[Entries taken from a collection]
^^^^

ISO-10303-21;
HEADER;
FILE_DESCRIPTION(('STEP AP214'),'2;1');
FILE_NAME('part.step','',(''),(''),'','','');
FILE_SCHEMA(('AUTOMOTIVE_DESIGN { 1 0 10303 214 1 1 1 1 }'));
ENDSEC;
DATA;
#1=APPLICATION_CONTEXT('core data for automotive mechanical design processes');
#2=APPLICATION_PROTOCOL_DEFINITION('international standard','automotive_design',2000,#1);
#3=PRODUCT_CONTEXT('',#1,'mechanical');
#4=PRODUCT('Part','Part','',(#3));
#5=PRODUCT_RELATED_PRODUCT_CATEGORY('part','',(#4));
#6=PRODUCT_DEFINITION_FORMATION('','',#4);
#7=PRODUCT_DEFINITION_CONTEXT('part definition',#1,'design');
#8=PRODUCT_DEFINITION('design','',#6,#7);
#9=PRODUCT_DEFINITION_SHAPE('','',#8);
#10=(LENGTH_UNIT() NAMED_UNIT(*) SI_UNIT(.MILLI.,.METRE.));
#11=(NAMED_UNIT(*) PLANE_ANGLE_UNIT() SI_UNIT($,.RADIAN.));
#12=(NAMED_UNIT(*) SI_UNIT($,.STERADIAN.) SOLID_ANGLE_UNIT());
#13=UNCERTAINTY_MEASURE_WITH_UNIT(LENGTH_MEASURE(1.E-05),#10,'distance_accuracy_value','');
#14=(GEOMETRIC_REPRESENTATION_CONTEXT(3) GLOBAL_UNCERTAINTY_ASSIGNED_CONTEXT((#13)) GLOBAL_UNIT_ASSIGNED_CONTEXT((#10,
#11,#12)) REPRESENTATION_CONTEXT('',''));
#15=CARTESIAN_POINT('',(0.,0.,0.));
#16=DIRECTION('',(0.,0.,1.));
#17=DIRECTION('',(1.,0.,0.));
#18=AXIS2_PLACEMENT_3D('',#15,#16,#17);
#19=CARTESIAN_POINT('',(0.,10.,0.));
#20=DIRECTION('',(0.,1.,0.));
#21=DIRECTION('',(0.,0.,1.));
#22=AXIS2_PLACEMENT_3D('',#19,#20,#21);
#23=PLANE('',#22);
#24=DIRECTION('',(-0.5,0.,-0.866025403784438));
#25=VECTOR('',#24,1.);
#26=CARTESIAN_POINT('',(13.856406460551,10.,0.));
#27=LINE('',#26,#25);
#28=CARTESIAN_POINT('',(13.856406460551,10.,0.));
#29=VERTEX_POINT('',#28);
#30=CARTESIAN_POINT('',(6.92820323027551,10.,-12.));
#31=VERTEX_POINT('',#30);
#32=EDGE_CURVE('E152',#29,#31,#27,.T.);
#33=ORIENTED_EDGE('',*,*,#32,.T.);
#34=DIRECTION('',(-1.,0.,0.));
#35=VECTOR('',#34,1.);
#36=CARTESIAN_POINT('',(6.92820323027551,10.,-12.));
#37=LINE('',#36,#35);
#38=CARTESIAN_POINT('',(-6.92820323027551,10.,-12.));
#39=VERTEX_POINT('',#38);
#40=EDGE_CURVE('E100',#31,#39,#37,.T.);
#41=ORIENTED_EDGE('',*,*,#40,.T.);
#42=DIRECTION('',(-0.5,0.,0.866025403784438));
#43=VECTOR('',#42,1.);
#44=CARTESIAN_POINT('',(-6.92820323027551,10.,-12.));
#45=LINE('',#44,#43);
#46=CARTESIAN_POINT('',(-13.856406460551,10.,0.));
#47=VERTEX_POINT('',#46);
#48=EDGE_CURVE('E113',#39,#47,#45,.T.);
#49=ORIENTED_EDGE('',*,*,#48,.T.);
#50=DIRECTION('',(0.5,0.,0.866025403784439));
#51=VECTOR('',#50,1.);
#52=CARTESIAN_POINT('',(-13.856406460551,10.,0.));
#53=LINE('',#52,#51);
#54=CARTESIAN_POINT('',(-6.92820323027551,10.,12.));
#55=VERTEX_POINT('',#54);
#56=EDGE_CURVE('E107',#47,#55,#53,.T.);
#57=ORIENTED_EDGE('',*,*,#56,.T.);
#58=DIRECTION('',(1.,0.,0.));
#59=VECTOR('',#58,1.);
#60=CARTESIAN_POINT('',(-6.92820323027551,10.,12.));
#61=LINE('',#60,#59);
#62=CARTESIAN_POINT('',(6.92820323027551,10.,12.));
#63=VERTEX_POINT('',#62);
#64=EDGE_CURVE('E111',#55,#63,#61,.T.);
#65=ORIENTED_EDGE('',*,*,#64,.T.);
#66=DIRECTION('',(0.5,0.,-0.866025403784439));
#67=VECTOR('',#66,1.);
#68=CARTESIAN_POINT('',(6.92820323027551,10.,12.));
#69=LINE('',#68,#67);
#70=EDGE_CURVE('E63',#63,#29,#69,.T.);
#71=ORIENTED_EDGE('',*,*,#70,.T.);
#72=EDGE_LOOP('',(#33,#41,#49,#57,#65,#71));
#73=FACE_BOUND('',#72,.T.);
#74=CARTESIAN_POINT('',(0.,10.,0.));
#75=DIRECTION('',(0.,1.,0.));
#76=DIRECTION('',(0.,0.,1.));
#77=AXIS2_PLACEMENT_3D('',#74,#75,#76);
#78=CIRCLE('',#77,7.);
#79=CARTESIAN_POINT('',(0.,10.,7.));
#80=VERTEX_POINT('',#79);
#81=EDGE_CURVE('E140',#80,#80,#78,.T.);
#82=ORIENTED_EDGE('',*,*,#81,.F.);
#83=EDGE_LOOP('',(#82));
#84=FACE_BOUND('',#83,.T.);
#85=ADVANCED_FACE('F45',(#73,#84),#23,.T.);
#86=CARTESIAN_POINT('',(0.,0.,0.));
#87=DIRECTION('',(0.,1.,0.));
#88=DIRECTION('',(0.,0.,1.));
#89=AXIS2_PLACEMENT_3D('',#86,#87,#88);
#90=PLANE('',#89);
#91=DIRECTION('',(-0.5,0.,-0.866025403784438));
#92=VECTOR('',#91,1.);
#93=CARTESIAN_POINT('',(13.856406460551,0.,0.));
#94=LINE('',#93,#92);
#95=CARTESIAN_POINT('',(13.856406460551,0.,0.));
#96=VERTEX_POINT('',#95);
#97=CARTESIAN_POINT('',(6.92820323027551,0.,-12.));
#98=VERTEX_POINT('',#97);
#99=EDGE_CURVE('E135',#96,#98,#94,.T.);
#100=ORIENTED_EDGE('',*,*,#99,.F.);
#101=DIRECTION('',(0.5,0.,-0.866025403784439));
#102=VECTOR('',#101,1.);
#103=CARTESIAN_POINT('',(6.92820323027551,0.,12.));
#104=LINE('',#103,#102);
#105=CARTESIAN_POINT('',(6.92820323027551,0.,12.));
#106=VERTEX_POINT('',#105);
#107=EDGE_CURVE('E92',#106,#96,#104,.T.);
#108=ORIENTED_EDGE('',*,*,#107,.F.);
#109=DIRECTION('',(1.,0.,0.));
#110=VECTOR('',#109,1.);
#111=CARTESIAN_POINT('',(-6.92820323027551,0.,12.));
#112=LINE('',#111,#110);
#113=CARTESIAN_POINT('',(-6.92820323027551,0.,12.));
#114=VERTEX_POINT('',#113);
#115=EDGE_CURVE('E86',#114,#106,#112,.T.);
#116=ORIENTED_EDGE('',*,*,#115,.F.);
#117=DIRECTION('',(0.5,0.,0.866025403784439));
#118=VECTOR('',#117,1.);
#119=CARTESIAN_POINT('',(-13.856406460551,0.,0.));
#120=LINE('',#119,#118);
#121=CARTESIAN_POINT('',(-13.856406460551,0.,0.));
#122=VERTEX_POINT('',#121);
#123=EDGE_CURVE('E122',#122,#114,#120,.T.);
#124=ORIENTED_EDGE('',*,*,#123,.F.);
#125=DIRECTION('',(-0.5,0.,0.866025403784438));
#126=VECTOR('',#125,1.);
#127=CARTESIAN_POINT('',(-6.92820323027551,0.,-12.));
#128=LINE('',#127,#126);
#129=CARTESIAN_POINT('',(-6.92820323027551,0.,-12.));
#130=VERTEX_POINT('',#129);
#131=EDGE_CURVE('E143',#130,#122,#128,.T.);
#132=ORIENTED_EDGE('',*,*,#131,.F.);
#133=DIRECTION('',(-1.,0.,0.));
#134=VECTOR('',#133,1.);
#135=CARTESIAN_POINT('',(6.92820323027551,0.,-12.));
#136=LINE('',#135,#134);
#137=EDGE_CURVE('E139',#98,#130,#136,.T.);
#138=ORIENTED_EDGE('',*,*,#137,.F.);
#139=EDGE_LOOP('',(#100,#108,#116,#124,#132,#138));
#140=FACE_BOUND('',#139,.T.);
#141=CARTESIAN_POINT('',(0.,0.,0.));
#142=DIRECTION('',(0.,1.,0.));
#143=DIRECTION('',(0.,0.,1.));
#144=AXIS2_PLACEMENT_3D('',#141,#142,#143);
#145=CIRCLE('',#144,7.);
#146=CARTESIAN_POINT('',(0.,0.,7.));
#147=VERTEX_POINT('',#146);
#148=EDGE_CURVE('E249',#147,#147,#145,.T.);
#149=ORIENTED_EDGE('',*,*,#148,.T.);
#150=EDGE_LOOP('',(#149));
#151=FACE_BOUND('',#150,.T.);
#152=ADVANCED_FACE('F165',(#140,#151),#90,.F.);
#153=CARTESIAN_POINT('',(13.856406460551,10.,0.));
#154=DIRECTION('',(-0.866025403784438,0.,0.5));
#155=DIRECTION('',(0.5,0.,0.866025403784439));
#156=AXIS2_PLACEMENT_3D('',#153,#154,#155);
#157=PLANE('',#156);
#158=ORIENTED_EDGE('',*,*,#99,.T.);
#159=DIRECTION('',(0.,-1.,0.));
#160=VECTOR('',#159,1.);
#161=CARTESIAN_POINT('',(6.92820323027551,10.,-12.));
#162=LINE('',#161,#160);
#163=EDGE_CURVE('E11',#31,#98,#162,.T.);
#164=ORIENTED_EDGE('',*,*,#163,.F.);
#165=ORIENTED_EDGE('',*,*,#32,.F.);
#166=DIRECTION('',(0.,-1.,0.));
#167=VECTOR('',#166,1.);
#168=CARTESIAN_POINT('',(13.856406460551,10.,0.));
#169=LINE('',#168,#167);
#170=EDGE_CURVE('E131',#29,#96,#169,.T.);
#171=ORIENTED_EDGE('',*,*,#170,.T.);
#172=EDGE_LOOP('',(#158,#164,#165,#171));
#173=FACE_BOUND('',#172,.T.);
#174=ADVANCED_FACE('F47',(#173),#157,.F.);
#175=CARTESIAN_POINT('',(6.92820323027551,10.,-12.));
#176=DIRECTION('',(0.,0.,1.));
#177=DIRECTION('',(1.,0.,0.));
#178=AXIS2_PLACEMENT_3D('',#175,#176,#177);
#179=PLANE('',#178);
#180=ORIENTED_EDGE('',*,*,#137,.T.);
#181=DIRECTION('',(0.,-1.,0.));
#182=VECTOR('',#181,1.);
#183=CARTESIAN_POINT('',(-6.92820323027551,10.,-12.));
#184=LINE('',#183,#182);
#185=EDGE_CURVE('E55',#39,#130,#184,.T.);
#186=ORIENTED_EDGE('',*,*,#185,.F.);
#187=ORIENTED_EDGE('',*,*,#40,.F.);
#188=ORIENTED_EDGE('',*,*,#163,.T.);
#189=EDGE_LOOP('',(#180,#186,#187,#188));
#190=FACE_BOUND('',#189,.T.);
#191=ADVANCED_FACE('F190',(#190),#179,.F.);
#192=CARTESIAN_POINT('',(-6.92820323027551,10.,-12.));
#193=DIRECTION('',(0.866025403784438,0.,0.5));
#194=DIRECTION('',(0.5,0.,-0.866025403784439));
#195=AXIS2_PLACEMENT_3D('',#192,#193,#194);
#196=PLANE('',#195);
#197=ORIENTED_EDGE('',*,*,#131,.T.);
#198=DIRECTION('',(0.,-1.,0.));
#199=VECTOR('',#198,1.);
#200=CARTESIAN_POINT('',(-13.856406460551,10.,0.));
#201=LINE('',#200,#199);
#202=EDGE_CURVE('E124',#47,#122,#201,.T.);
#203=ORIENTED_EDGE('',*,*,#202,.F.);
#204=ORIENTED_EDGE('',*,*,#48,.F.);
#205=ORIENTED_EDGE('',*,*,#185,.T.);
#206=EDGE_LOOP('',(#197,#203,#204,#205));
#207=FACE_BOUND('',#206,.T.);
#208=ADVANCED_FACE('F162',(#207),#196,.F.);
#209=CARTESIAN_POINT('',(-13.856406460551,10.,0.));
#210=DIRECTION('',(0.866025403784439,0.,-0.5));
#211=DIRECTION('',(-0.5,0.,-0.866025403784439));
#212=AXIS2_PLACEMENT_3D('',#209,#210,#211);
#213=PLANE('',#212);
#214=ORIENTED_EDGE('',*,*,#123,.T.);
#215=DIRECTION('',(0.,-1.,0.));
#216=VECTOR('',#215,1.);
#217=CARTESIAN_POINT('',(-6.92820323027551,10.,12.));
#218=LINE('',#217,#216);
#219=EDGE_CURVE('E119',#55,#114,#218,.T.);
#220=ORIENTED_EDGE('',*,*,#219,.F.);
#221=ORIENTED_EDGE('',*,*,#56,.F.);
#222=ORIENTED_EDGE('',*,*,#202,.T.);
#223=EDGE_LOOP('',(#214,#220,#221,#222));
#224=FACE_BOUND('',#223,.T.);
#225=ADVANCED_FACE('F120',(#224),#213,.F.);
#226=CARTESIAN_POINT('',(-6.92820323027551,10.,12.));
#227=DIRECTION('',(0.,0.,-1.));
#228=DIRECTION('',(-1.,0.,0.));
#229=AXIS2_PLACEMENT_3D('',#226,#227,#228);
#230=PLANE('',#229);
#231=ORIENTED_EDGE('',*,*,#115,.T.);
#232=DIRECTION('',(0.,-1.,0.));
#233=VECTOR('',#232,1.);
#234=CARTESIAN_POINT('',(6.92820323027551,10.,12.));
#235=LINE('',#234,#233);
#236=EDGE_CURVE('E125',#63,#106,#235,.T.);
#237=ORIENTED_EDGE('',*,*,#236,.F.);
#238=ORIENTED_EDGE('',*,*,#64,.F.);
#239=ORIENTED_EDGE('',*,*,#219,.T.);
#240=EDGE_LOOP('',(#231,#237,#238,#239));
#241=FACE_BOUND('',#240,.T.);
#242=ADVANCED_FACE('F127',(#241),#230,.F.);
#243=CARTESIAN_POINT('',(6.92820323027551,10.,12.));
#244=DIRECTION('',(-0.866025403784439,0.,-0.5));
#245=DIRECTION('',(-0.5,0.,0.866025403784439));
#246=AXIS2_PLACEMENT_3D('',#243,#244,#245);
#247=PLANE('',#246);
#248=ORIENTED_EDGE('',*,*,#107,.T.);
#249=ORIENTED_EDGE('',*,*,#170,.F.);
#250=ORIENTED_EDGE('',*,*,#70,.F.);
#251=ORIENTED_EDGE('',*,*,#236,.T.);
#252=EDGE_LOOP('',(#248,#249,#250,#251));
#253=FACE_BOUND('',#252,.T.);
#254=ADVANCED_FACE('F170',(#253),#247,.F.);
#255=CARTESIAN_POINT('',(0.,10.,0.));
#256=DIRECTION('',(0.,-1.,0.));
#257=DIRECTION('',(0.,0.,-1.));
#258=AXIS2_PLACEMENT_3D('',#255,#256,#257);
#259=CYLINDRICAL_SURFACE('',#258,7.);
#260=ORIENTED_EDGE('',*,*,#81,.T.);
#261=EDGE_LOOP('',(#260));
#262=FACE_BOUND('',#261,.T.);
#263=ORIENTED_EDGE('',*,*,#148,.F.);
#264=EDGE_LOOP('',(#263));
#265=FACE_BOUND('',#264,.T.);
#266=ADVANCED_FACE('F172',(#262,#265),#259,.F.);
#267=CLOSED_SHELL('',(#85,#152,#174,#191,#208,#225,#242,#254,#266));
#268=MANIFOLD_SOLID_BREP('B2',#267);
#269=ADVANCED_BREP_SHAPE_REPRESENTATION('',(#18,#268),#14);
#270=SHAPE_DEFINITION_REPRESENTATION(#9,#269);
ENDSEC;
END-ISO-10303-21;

^^^^

▶ _WHAT THE EXERCISE ASKS_
All lines above from the one with "#136=LINE('',#135,#134);" to the one with "#146=CARTESIAN_POINT('',(0.,0.,7.));", inclusive, should be copied exactly, and no other lines.

▶ _REPLY TO THE EXERCISE_
#136=LINE('',#135,#134);
#137=EDGE_CURVE('E139',#98,#130,#136,.T.);
#138=ORIENTED_EDGE('',*,*,#137,.F.);
#139=EDGE_LOOP('',(#100,#108,#116,#124,#132,#138));
#140=FACE_BOUND('',#139,.T.);
#141=CARTESIAN_POINT('',(0.,0.,0.));
#142=DIRECTION('',(0.,1.,0.));
#143=DIRECTION('',(0.,0.,1.));
#144=AXIS2_PLACEMENT_3D('',#141,#142,#143);
#145=CIRCLE('',#144,7.);
#146=CARTESIAN_POINT('',(0.,0.,7.));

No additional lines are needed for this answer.